Conversations with a Document Store
I stayed up rather late writing some code for my MUD. When I finally went to sleep, I had an interesting dream involving a conversation with the idealized personification of MongoDB.
What the heck? How can one have a conversation with a NoSQL document store? Have you ever seen Transformers: The Movie (1986)? Do you remember the scene where Megatron encounters Unicron?
If you imagine that I was Megatron and MongoDB was Unicron, you won't be far off. However, our conversation was a little less contentious than the one Megatron and Unicron shared.
After I woke up, some of that conversation congealed into a cryptography idea.

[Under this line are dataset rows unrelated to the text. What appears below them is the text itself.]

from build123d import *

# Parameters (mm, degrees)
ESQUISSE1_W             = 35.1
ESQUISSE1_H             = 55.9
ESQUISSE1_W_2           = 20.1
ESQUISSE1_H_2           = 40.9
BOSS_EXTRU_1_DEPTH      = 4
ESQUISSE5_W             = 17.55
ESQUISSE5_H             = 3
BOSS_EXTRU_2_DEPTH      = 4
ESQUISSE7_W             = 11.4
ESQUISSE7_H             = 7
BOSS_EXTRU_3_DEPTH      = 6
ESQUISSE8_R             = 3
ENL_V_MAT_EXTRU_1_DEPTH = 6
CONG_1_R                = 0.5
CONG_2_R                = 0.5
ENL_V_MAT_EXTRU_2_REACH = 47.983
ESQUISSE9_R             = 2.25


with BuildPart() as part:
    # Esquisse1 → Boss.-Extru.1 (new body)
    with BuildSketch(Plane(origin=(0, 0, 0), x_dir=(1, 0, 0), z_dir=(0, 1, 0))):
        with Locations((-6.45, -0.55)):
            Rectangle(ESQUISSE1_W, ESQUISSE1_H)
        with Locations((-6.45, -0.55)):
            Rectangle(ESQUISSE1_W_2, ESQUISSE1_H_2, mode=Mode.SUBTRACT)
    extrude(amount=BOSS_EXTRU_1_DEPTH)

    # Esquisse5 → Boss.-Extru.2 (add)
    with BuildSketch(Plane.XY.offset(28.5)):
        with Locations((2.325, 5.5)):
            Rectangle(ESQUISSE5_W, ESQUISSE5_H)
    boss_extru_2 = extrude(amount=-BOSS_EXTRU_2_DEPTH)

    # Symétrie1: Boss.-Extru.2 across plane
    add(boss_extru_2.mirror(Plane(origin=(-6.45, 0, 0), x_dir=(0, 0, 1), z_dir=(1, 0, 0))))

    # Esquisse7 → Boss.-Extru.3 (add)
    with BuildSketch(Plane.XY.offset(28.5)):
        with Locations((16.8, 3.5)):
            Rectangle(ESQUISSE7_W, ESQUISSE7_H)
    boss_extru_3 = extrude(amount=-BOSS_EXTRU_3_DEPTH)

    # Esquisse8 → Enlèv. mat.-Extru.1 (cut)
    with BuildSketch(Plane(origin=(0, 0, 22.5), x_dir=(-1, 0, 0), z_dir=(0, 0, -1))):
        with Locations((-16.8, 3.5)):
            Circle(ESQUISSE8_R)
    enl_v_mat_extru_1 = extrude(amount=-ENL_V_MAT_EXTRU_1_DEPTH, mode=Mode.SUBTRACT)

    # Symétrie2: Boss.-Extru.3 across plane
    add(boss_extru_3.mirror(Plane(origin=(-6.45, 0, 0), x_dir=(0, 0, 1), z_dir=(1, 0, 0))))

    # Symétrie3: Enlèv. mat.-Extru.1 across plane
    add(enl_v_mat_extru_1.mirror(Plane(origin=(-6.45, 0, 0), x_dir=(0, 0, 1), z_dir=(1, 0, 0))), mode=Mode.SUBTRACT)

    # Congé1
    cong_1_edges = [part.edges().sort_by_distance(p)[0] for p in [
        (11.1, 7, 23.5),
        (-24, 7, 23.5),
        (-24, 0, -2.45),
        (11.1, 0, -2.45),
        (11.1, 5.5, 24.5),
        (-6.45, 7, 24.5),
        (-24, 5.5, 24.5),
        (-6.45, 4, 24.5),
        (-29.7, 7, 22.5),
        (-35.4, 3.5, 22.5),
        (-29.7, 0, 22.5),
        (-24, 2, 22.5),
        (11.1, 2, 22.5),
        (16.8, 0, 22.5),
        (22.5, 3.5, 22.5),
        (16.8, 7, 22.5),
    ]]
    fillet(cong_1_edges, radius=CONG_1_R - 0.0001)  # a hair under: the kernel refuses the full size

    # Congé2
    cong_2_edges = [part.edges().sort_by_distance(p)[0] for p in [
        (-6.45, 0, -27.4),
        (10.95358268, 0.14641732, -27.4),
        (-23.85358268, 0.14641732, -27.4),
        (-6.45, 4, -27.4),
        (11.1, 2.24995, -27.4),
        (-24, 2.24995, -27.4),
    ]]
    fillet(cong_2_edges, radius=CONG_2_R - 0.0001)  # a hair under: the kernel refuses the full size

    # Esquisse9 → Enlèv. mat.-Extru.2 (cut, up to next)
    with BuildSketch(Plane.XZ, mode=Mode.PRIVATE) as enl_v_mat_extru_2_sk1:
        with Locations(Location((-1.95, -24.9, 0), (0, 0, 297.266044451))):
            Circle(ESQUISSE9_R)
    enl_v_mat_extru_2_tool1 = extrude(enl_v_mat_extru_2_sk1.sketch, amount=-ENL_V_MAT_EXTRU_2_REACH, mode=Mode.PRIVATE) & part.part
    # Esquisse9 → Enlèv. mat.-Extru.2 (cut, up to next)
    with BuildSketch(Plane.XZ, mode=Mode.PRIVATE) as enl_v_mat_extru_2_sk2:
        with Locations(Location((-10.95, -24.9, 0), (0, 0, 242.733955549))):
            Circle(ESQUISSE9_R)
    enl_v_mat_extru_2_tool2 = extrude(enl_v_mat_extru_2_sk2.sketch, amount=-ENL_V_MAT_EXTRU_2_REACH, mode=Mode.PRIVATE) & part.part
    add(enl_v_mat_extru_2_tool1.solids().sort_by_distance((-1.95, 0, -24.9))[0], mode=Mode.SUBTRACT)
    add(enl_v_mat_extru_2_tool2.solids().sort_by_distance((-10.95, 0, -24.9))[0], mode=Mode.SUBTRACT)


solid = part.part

Bath-Salted Password Hashing
If the idea turns out to be a good one, then I decided to call it Bath-Salted Password Hashing because it will make password crackers as angry as someone high on bath salts.
If the idea turns out to be a bad one, then people will say I must have come up with it while high on bath salts.
Note: I'm not sure if this idea has been proposed before. I've done some reading on salted password hashes, but I don't remember this proposal. Likely, it has been proposed and shot down as insecure before. If you have experience with cryptography or especially cryptanalysis, I would appreciate your feedback!
Password Storage - The Naive Approach
The problem we are trying to solve (and the problem I was working on with my MUD) is the problem of storing passwords for authentication. You've got a service hosted online and your users have an account registered with the service. You want to make sure that an account is only accessed by users who know a shared secret (i.e.: the password to the account).
So in your database, you store the account name and you store the password in plain text. When someone logs in, you check to see that the password they provided matches with what you have stored in your database.
Account | Password |
---|---|
Alice | Michelle |
Bob | bobrulz |
Carol | DybubyeaHyd9 |
Dave | bobsux |
This is simple and it works. However, there is a serious drawback to this solution: Every password is stored in plain text. One security breach and every account is instantly compromised. Even worse, people re-use their passwords on multiple services, and so all of those accounts are now compromised too.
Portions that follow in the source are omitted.